タゴヴァイロア加入によってクオーターバックルームのレベルが上がり、競争が生まれるだけではない。2025年シーズンがどういった終わりを迎えたかという点で、ステファンスキーHCはタゴヴァイロアに親近感のようなものを抱いている。
クリーブランド・ブラウンズを率いた6シーズンの間にNFL年間最優秀コーチ賞を2度獲得したにもかかわらず、ステファンスキーHCは5勝12敗で終わったシーズンの後に解雇された。浮き沈みの激しい期間を率いたステファンスキーHCは45勝56敗を記録する一方で、今世紀にブラウンズが経験した3度のポストシーズンのうち、2度をその手でもたらしている。
タゴヴァイロアもまた、マイアミ・ドルフィンズでアップダウンの激しい6年間を送っている。2020年度ドラフトの全体5位で指名されながらも、当初は足がかりがつかめずに苦戦したタゴヴァイロアは、マイク・マクダニエルHCの下で才能を開花させ、2023年にはパスヤードでリーグトップに立つまで至る。しかし、サウスビーチでの最後の2年は、負傷やパフォーマンスの不安定さで低迷。昨シーズンのラスト3試合では、チームによってベンチに下げられていた。そこから数カ月ほどで、ドルフィンズは記録的な9,920万ドルというデッドマネーと引き換えにタゴヴァイロアをリリースしている。
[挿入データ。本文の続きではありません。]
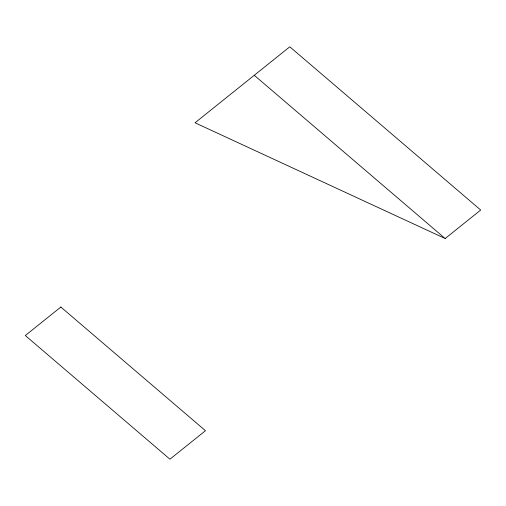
<?xml version="1.0" encoding="UTF-8"?>
<svg xmlns="http://www.w3.org/2000/svg" width="506" height="506" viewBox="0 0 506 506"><rect width="100%" height="100%" fill="white"/><g stroke="black" fill="none" stroke-linecap="round" stroke-linejoin="round"><path stroke-width="0.76" d="M445.16 238.535L480.7 210.041L289.793 46.799L195.025 122.781L445.16 238.535L254.259 75.293M60.84 307.041L25.3 335.529L169.927 459.201L205.461 430.707L60.84 307.041"/></g></svg>
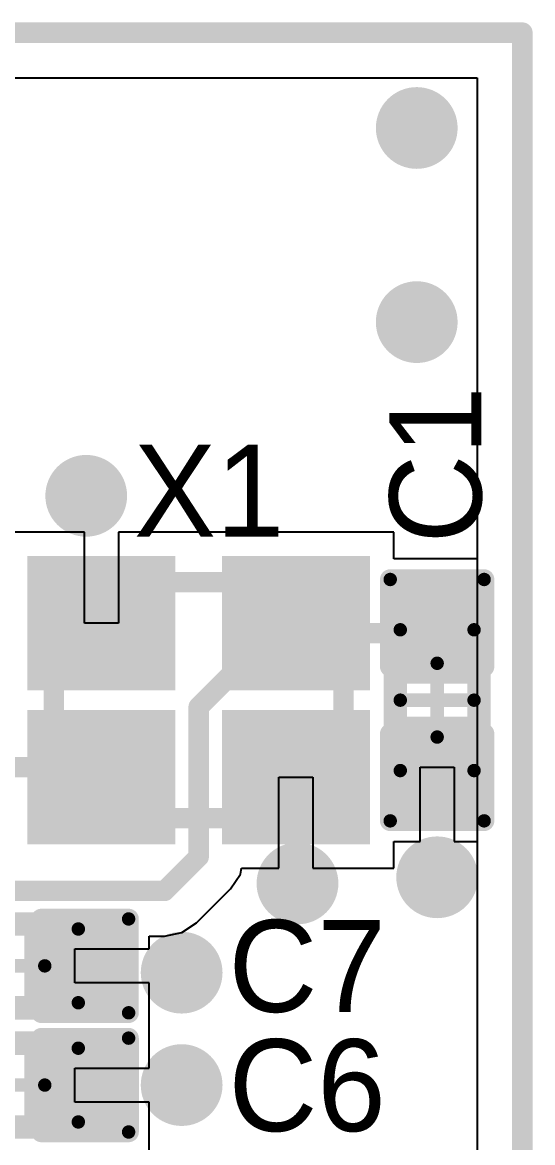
# Model space of a CAD drawing. Header units: millimetres. Extents: x 75.4 to 93.3, y 79.9 to 95.1.
# Drawn here: x 89.5 to 93.3, y 86.79 to 95.14 of the extents above; entities that cross this region are included whole.
import ezdxf

# ---------------------------------------------------------------- set-up
doc = ezdxf.new("R2010")
doc.units = ezdxf.units.MM
for name, color, linetype in [('BottomLayer', 5, 'Continuous'), ('KeepOutLayer', 6, 'Continuous'), ('Mechanical1', 6, 'Continuous'), ('Mechanical13', 56, 'Continuous'), ('Mechanical15', 56, 'Continuous'), ('MultiLayer', 9, 'Continuous'), ('TopLayer', 1, 'Continuous'), ('TopOverlay', 2, 'Continuous'), ('TopPaste', 8, 'Continuous'), ('TopSolder', 216, 'Continuous'), ('ViaHoleLayer', 16, 'Continuous')]:
    doc.layers.add(name, color=color, linetype=linetype)

# ---------------------------------------------------------------- blocks, each defined once
blk = doc.blocks.new('CAPC1005X04L_7')
at = {"layer": 'Mechanical13', "const_width": 0.1}
for points in [[(-0.525, -0.275), (-0.525, 0.275)], [(-0.525, 0.275), (0.525, 0.275)], [(0.525, -0.275), (0.525, 0.275)], [(-0.525, -0.275), (0.525, -0.275)]]:
    blk.add_lwpolyline(points, dxfattribs=at)
at = {"layer": 'Mechanical13', "const_width": 0.05}
for points in [[(-0.55, 0.275, 1), (-0.5, 0.275, 1)], [(-0.55, 0.275, 1), (-0.5, 0.275, 1)], [(0.5, 0.275, 1), (0.55, 0.275, 1)], [(0.5, 0.275, 1), (0.55, 0.275, 1)], [(-0.55, -0.275, 1), (-0.5, -0.275, 1)], [(-0.55, -0.275, 1), (-0.5, -0.275, 1)], [(0.5, -0.275, 1), (0.55, -0.275, 1)], [(0.5, -0.275, 1), (0.55, -0.275, 1)]]:
    blk.add_lwpolyline(points, format="xyb", close=True, dxfattribs=at)
at = {"layer": 'Mechanical15', "const_width": 0.1}
for points in [[(-0.9, 0.35), (0.9, 0.35)], [(-0.9, -0.35), (-0.9, 0.35)], [(0.9, -0.35), (0.9, 0.35)], [(0, -0.275), (0, 0.275)], [(-0.275, 0), (0.275, 0)], [(-0.9, -0.35), (0.9, -0.35)]]:
    blk.add_lwpolyline(points, dxfattribs=at)
at = {"layer": 'Mechanical15', "const_width": 0.05}
for points in [[(-0.925, 0.35, 1), (-0.875, 0.35, 1)], [(-0.925, 0.35, 1), (-0.875, 0.35, 1)], [(0.875, 0.35, 1), (0.925, 0.35, 1)], [(0.875, 0.35, 1), (0.925, 0.35, 1)], [(-0.025, 0.275, 1), (0.025, 0.275, 1)], [(-0.3, 0, 1), (-0.25, 0, 1)], [(0.25, 0, 1), (0.3, 0, 1)], [(-0.025, -0.275, 1), (0.025, -0.275, 1)], [(-0.925, -0.35, 1), (-0.875, -0.35, 1)], [(-0.925, -0.35, 1), (-0.875, -0.35, 1)], [(0.875, -0.35, 1), (0.925, -0.35, 1)], [(0.875, -0.35, 1), (0.925, -0.35, 1)]]:
    blk.add_lwpolyline(points, format="xyb", close=True, dxfattribs=at)
at = {"layer": 'TopLayer'}
for points in [[(-0.2, -0.25), (-0.2, 0.25), (-0.8, -0.25), (-0.8, 0.25)], [(0.8, -0.25), (0.8, 0.25), (0.2, -0.25), (0.2, 0.25)]]:
    blk.add_solid(points, dxfattribs=at)
at = {"layer": 'TopOverlay', "const_width": 0.1524}
for points in [[(-0.9001, -0.3501), (-0.9001, 0.3499)], [(-0.9001, 0.3499), (-0.2501, 0.3499)], [(0.2499, 0.3499), (0.8999, 0.3499)], [(0.8999, -0.3501), (0.8999, 0.3499)], [(-0.9001, -0.3501), (-0.2501, -0.3501)], [(0.2499, -0.3501), (0.8999, -0.3501)]]:
    blk.add_lwpolyline(points, dxfattribs=at)
at = {"layer": 'TopOverlay', "const_width": 0.0762}
for points in [[(-0.9382, 0.3499, 1), (-0.862, 0.3499, 1)], [(-0.9382, 0.3499, 1), (-0.862, 0.3499, 1)], [(-0.2882, 0.3499, 1), (-0.212, 0.3499, 1)], [(0.2118, 0.3499, 1), (0.288, 0.3499, 1)], [(0.8618, 0.3499, 1), (0.938, 0.3499, 1)], [(0.8618, 0.3499, 1), (0.938, 0.3499, 1)], [(-0.9382, -0.3501, 1), (-0.862, -0.3501, 1)], [(-0.9382, -0.3501, 1), (-0.862, -0.3501, 1)], [(-0.2882, -0.3501, 1), (-0.212, -0.3501, 1)], [(0.2118, -0.3501, 1), (0.288, -0.3501, 1)], [(0.8618, -0.3501, 1), (0.938, -0.3501, 1)], [(0.8618, -0.3501, 1), (0.938, -0.3501, 1)]]:
    blk.add_lwpolyline(points, format="xyb", close=True, dxfattribs=at)
at = {"layer": 'TopPaste'}
for points in [[(-0.2, -0.25), (-0.2, 0.25), (-0.8, -0.25), (-0.8, 0.25)], [(0.8, -0.25), (0.8, 0.25), (0.2, -0.25), (0.2, 0.25)]]:
    blk.add_solid(points, dxfattribs=at)
at = {"layer": 'TopSolder'}
for points in [[(-0.1238, -0.3262), (-0.1238, 0.3262), (-0.8762, -0.3262), (-0.8762, 0.3262)], [(0.8762, -0.3262), (0.8762, 0.3262), (0.1238, -0.3262), (0.1238, 0.3262)]]:
    blk.add_solid(points, dxfattribs=at)
blk = doc.blocks.new('CAPC1005X04L_8')
at = {"layer": 'Mechanical13', "const_width": 0.1}
for points in [[(-0.525, -0.275), (-0.525, 0.275)], [(0.525, 0.275), (-0.525, 0.275)], [(0.525, -0.275), (0.525, 0.275)], [(0.525, -0.275), (-0.525, -0.275)]]:
    blk.add_lwpolyline(points, dxfattribs=at)
at = {"layer": 'Mechanical13', "const_width": 0.05}
for points in [[(-0.55, 0.275, 1), (-0.5, 0.275, 1)], [(-0.55, 0.275, 1), (-0.5, 0.275, 1)], [(0.5, 0.275, 1), (0.55, 0.275, 1)], [(0.5, 0.275, 1), (0.55, 0.275, 1)], [(-0.55, -0.275, 1), (-0.5, -0.275, 1)], [(-0.55, -0.275, 1), (-0.5, -0.275, 1)], [(0.5, -0.275, 1), (0.55, -0.275, 1)], [(0.5, -0.275, 1), (0.55, -0.275, 1)]]:
    blk.add_lwpolyline(points, format="xyb", close=True, dxfattribs=at)
at = {"layer": 'Mechanical15', "const_width": 0.1}
for points in [[(0.9, 0.35), (-0.9, 0.35)], [(-0.9, -0.35), (-0.9, 0.35)], [(0.9, -0.35), (0.9, 0.35)], [(0, -0.275), (0, 0.275)], [(0.275, 0), (-0.275, 0)], [(0.9, -0.35), (-0.9, -0.35)]]:
    blk.add_lwpolyline(points, dxfattribs=at)
at = {"layer": 'Mechanical15', "const_width": 0.05}
for points in [[(-0.925, 0.35, 1), (-0.875, 0.35, 1)], [(-0.925, 0.35, 1), (-0.875, 0.35, 1)], [(0.875, 0.35, 1), (0.925, 0.35, 1)], [(0.875, 0.35, 1), (0.925, 0.35, 1)], [(-0.025, 0.275, 1), (0.025, 0.275, 1)], [(-0.3, 0, 1), (-0.25, 0, 1)], [(0.25, 0, 1), (0.3, 0, 1)], [(-0.025, -0.275, 1), (0.025, -0.275, 1)], [(-0.925, -0.35, 1), (-0.875, -0.35, 1)], [(-0.925, -0.35, 1), (-0.875, -0.35, 1)], [(0.875, -0.35, 1), (0.925, -0.35, 1)], [(0.875, -0.35, 1), (0.925, -0.35, 1)]]:
    blk.add_lwpolyline(points, format="xyb", close=True, dxfattribs=at)
at = {"layer": 'TopLayer'}
for points in [[(-0.2, -0.25), (-0.2, 0.25), (-0.8, -0.25), (-0.8, 0.25)], [(0.8, -0.25), (0.8, 0.25), (0.2, -0.25), (0.2, 0.25)]]:
    blk.add_solid(points, dxfattribs=at)
at = {"layer": 'TopOverlay', "const_width": 0.1524}
for points in [[(-0.9001, -0.3501), (-0.9001, 0.3499)], [(-0.2501, 0.3499), (-0.9001, 0.3499)], [(0.8999, 0.3499), (0.2499, 0.3499)], [(0.8999, -0.3501), (0.8999, 0.3499)], [(-0.2501, -0.3501), (-0.9001, -0.3501)], [(0.8999, -0.3501), (0.2499, -0.3501)]]:
    blk.add_lwpolyline(points, dxfattribs=at)
at = {"layer": 'TopOverlay', "const_width": 0.0762}
for points in [[(-0.9382, 0.3499, 1), (-0.862, 0.3499, 1)], [(-0.9382, 0.3499, 1), (-0.862, 0.3499, 1)], [(-0.2882, 0.3499, 1), (-0.212, 0.3499, 1)], [(0.2118, 0.3499, 1), (0.288, 0.3499, 1)], [(0.8618, 0.3499, 1), (0.938, 0.3499, 1)], [(0.8618, 0.3499, 1), (0.938, 0.3499, 1)], [(-0.9382, -0.3501, 1), (-0.862, -0.3501, 1)], [(-0.9382, -0.3501, 1), (-0.862, -0.3501, 1)], [(-0.2882, -0.3501, 1), (-0.212, -0.3501, 1)], [(0.2118, -0.3501, 1), (0.288, -0.3501, 1)], [(0.8618, -0.3501, 1), (0.938, -0.3501, 1)], [(0.8618, -0.3501, 1), (0.938, -0.3501, 1)]]:
    blk.add_lwpolyline(points, format="xyb", close=True, dxfattribs=at)
at = {"layer": 'TopPaste'}
for points in [[(-0.2, -0.25), (-0.2, 0.25), (-0.8, -0.25), (-0.8, 0.25)], [(0.8, -0.25), (0.8, 0.25), (0.2, -0.25), (0.2, 0.25)]]:
    blk.add_solid(points, dxfattribs=at)
at = {"layer": 'TopSolder'}
for points in [[(-0.1238, -0.3262), (-0.1238, 0.3262), (-0.8762, -0.3262), (-0.8762, 0.3262)], [(0.8762, -0.3262), (0.8762, 0.3262), (0.1238, -0.3262), (0.1238, 0.3262)]]:
    blk.add_solid(points, dxfattribs=at)
blk = doc.blocks.new('BT_XTAL_2016_9')
at = {"layer": 'TopLayer'}
for points in [[(-1.2, 0.15), (-0.25, 0.15), (-1.2, 1), (-0.25, 1)], [(0.25, 0.15), (1.2, 0.15), (0.25, 1), (1.2, 1)], [(-1.2, -1), (-0.25, -1), (-1.2, -0.15), (-0.25, -0.15)], [(0.25, -1), (1.2, -1), (0.25, -0.15), (1.2, -0.15)]]:
    blk.add_solid(points, dxfattribs=at)
at = {"layer": 'TopOverlay', "const_width": 0.1524}
for points in [[(0.16, 0.88), (-0.16, 0.88)], [(-1.08, 0.06), (-1.08, -0.06)], [(1.08, 0.06), (1.08, -0.06)], [(0.16, -0.88), (-0.16, -0.88)]]:
    blk.add_lwpolyline(points, dxfattribs=at)
at = {"layer": 'TopOverlay', "const_width": 0.0762}
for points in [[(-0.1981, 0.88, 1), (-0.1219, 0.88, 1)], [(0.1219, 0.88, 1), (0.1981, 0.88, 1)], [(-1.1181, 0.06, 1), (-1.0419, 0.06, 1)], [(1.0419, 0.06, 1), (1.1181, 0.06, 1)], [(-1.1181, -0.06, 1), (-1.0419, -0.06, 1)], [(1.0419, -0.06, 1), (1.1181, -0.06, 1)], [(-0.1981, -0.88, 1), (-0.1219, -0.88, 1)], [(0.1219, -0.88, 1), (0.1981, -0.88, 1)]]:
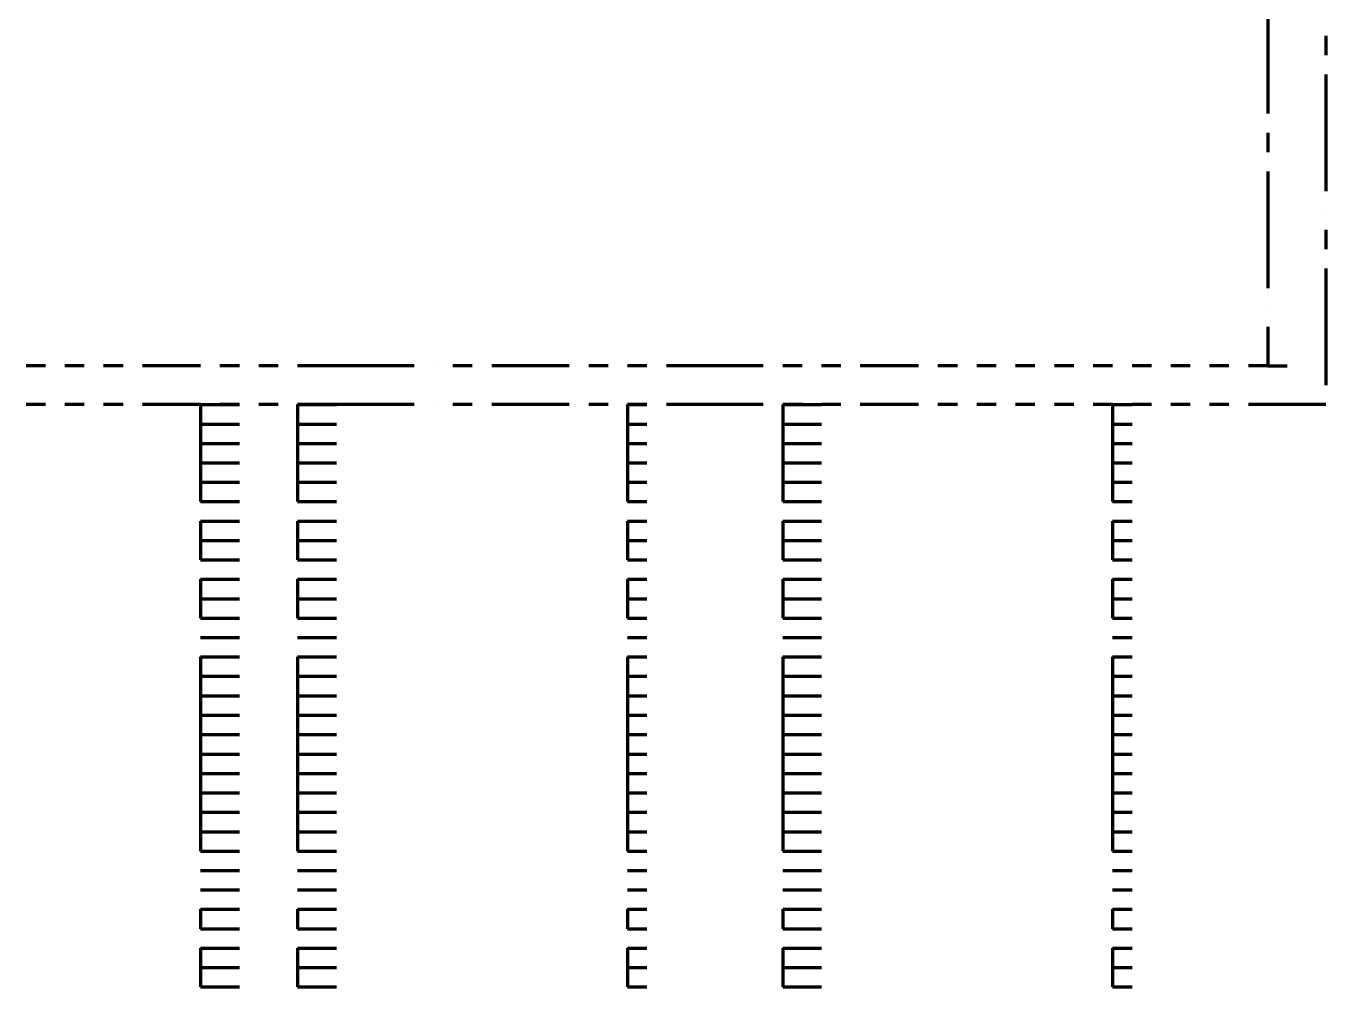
# Model space of a CAD drawing. Header units: inches. Extents: x 16 to 776, y 37 to 575.
# Drawn here: x 663.17 to 674.33, y 356.5 to 364.75 of the extents above; entities that cross this region are included whole.
import ezdxf

# ---------------------------------------------------------------- set-up
doc = ezdxf.new("R2010")
doc.units = ezdxf.units.IN
doc.header["$MEASUREMENT"] = 0
doc.layers.add('P', color=250, linetype='CONTINUOUS', lineweight=100)

msp = doc.modelspace()

# ---------------------------------------------------------------- linework, layer by layer
at = {"layer": 'P', "color": 0, "linetype": 'Continuous'}
for points in [[(673.833, 364.833), (673.833, 364.5)], [(674.333, 364.667), (674.333, 364.5)], [(673.833, 364.5), (673.833, 364.167)], [(674.333, 364.333), (674.333, 364)], [(673.833, 364.167), (673.833, 364)], [(674.333, 364), (674.333, 363.667)], [(673.833, 363.833), (673.833, 363.667)], [(674.333, 363.667), (674.333, 363.333)], [(673.833, 363.5), (673.833, 363.167)], [(673.833, 363.167), (673.833, 362.833)], [(674.333, 363.167), (674.333, 363.167)], [(674.333, 363), (674.333, 362.833)], [(673.833, 362.833), (673.833, 362.5)], [(674.333, 362.667), (674.333, 362.333)], [(673.833, 362.333), (673.833, 362.333)], [(674.333, 362.333), (674.333, 362)], [(673.833, 362.167), (673.833, 361.833)], [(674.333, 362), (674.333, 361.667)], [(663.333, 361.833), (663.167, 361.833)], [(663.667, 361.833), (663.5, 361.833)], [(664, 361.833), (663.833, 361.833)], [(664.5, 361.833), (664.167, 361.833)], [(664.667, 361.833), (664.5, 361.833)], [(665, 361.833), (664.833, 361.833)], [(665.333, 361.833), (665.167, 361.833)], [(665.833, 361.833), (665.5, 361.833)], [(666.167, 361.833), (665.833, 361.833)], [(666.5, 361.833), (666.167, 361.833)], [(666.667, 361.833), (666.667, 361.833)], [(667, 361.833), (666.833, 361.833)], [(667.5, 361.833), (667.167, 361.833)], [(667.833, 361.833), (667.5, 361.833)], [(668.167, 361.833), (668, 361.833)], [(668.5, 361.833), (668.333, 361.833)], [(668.833, 361.833), (668.667, 361.833)], [(669.167, 361.833), (668.833, 361.833)], [(669.5, 361.833), (669.167, 361.833)], [(669.833, 361.833), (669.667, 361.833)], [(670.167, 361.833), (670, 361.833)], [(670.5, 361.833), (670.333, 361.833)], [(670.833, 361.833), (670.5, 361.833)], [(671.167, 361.833), (671, 361.833)], [(671.5, 361.833), (671.333, 361.833)], [(671.833, 361.833), (671.667, 361.833)], [(672.167, 361.833), (672, 361.833)], [(672.5, 361.833), (672.333, 361.833)], [(672.833, 361.833), (672.667, 361.833)], [(673.167, 361.833), (673, 361.833)], [(673.5, 361.833), (673.333, 361.833)], [(673.833, 361.833), (673.667, 361.833)], [(673.833, 361.833), (674, 361.833)], [(663.333, 361.5), (663.167, 361.5)], [(663.667, 361.5), (663.5, 361.5)], [(664, 361.5), (663.833, 361.5)], [(664.5, 361.5), (664.167, 361.5)], [(664.667, 361.5), (664.5, 361.5)], [(664.667, 361.5), (664.667, 361.333)], [(664.667, 361.5), (664.833, 361.5)], [(664.833, 361.5), (665, 361.5)], [(665, 361.5), (664.833, 361.5)], [(665.333, 361.5), (665.167, 361.5)], [(665.5, 361.5), (665.5, 361.333)], [(665.5, 361.5), (665.667, 361.5)], [(665.833, 361.5), (665.5, 361.5)], [(665.667, 361.5), (665.833, 361.5)], [(666.167, 361.5), (665.833, 361.5)], [(666.5, 361.5), (666.167, 361.5)], [(666.667, 361.5), (666.667, 361.5)], [(667, 361.5), (666.833, 361.5)], [(667.5, 361.5), (667.167, 361.5)], [(667.833, 361.5), (667.5, 361.5)], [(668.167, 361.5), (668, 361.5)], [(668.333, 361.5), (668.333, 361.333)], [(668.333, 361.5), (668.5, 361.5)], [(668.333, 361.5), (668.333, 361.5)], [(668.5, 361.5), (668.333, 361.5)], [(668.833, 361.5), (668.667, 361.5)], [(669.167, 361.5), (668.833, 361.5)], [(669.5, 361.5), (669.167, 361.5)], [(669.667, 361.5), (669.667, 361.333)], [(669.667, 361.5), (669.833, 361.5)], [(669.833, 361.5), (669.667, 361.5)], [(669.833, 361.5), (670, 361.5)], [(670.167, 361.5), (670, 361.5)], [(670.5, 361.5), (670.333, 361.5)], [(670.833, 361.5), (670.5, 361.5)], [(671.167, 361.5), (671, 361.5)], [(671.5, 361.5), (671.333, 361.5)], [(671.833, 361.5), (671.667, 361.5)], [(672.167, 361.5), (672, 361.5)], [(672.5, 361.5), (672.333, 361.5)], [(672.5, 361.5), (672.5, 361.333)], [(672.5, 361.5), (672.667, 361.5)], [(672.667, 361.5), (672.667, 361.5)], [(672.833, 361.5), (672.667, 361.5)], [(673.167, 361.5), (673, 361.5)], [(673.5, 361.5), (673.333, 361.5)], [(674, 361.5), (673.667, 361.5)], [(674.333, 361.5), (674, 361.5)], [(674.333, 361.5), (674.333, 361.5)], [(674.333, 361.5), (674.333, 361.5)], [(664.667, 361.333), (664.833, 361.333)], [(664.667, 361.333), (664.667, 361.167)], [(664.667, 361.333), (664.833, 361.333)], [(664.833, 361.333), (665, 361.333)], [(664.833, 361.333), (665, 361.333)], [(665.5, 361.333), (665.667, 361.333)], [(665.5, 361.333), (665.5, 361.167)], [(665.5, 361.333), (665.667, 361.333)], [(665.667, 361.333), (665.833, 361.333)], [(665.667, 361.333), (665.833, 361.333)], [(668.333, 361.333), (668.333, 361.333)], [(668.333, 361.333), (668.5, 361.333)], [(668.333, 361.333), (668.333, 361.167)], [(668.333, 361.333), (668.5, 361.333)], [(668.333, 361.333), (668.333, 361.333)], [(669.667, 361.333), (669.833, 361.333)], [(669.667, 361.333), (669.667, 361.167)], [(669.667, 361.333), (669.833, 361.333)], [(669.833, 361.333), (670, 361.333)], [(669.833, 361.333), (670, 361.333)], [(672.5, 361.333), (672.667, 361.333)], [(672.5, 361.333), (672.5, 361.167)], [(672.5, 361.333), (672.667, 361.333)], [(672.667, 361.333), (672.667, 361.333)], [(672.667, 361.333), (672.667, 361.333)], [(664.667, 361.167), (664.833, 361.167)], [(664.667, 361.167), (664.667, 361)], [(664.667, 361.167), (664.833, 361.167)], [(664.833, 361.167), (665, 361.167)], [(664.833, 361.167), (665, 361.167)], [(665.5, 361.167), (665.667, 361.167)], [(665.5, 361.167), (665.5, 361)], [(665.5, 361.167), (665.667, 361.167)], [(665.667, 361.167), (665.833, 361.167)], [(665.667, 361.167), (665.833, 361.167)], [(668.333, 361.167), (668.333, 361.167)], [(668.333, 361.167), (668.5, 361.167)], [(668.333, 361.167), (668.333, 361)], [(668.333, 361.167), (668.5, 361.167)], [(668.333, 361.167), (668.333, 361.167)], [(669.667, 361.167), (669.833, 361.167)], [(669.667, 361.167), (669.667, 361)], [(669.667, 361.167), (669.833, 361.167)], [(669.833, 361.167), (670, 361.167)], [(669.833, 361.167), (670, 361.167)], [(672.5, 361.167), (672.667, 361.167)], [(672.5, 361.167), (672.5, 361)], [(672.5, 361.167), (672.667, 361.167)], [(672.667, 361.167), (672.667, 361.167)], [(672.667, 361.167), (672.667, 361.167)], [(664.667, 361), (664.833, 361)], [(664.667, 361), (664.833, 361)], [(664.667, 361), (664.833, 361)], [(664.667, 361), (664.667, 360.833)], [(664.667, 361), (664.833, 361)], [(664.833, 361), (665, 361)], [(664.833, 361), (665, 361)], [(664.833, 361), (665, 361)], [(664.833, 361), (665, 361)], [(665.5, 361), (665.667, 361)], [(665.5, 361), (665.667, 361)], [(665.5, 361), (665.667, 361)], [(665.5, 361), (665.5, 360.833)], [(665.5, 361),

そんなステファンスキーHCとタゴヴァイロアが今、アトランタで共に再起を懸けた戦いに臨もうとしている。
「解雇されるということにも、考えさせられるところはある。私にはそれを裏づけられる。周りが間違っていると証明したくなるものだよ。見返してやると意気込むのさ。私が来たこの場所も、トゥアがやって来たこの場所も、言ってみればわれわれがそうなると思っていたものとは違う。だが、それが現実で、それならばどう対応するかということなんだ。彼はそういうことを経験している。彼のキャリアや、大学時代を振り返れば、彼はこういうことにしっかり応じてきた」
とはいえ、タゴヴァイロアはまず、反対論者が間違っていることを示すチャンスを自らの手でつかまなければならない。当然、2024年のドラフト1巡目指名選手であるペニックスも同様に、ファルコンズの未来を司る者という立場を固められなかったところから、筋書きを変えていこうと目指している。ペニックスも今、新体制の下でゼロからのスタートを切るところだ。部分的に断裂したACL(前十字靭帯/ぜんじゅうじじんたい)が完全に回復でき次第、ペニックスもクオーターバック争いにからんでくる。
「マイク(ペニックス)が戻って来るのが楽しみだ」と言うステファンスキーHCは次のように続けた。
「彼は正しい姿勢を備えている。毎日チームの施設にやってきて、一日中リハビリをして準備を整えようとしている。どういった状況になるかについてタイムラインを設定してはいないが、いずれ彼はベストを尽くす準備を整えてくれるはずだ。彼は今自分が集中すべきものに集中している。それは健康を取り戻すことで、一番大事なのはそこだ」
来るクオーターバック争いは、オフシーズンとトレーニングキャンプを通じてファルコンズの大きな話題になるだろう。それは、かつてのクリーブランド・ブラウンズにおけるジョー・フラッコ、シェドゥーア・サンダース、ディロン・ゲイブリエルの状況と似ている。
この争いを制したのはフラッコだった。しかし、その後フラッコはシーズン中にトレードされ、結局は3人のシグナルコーラーすべてがこの厳しいシーズンにフィールドに立っている。そのシーズンはやがて、ステファンスキーの解任につながった。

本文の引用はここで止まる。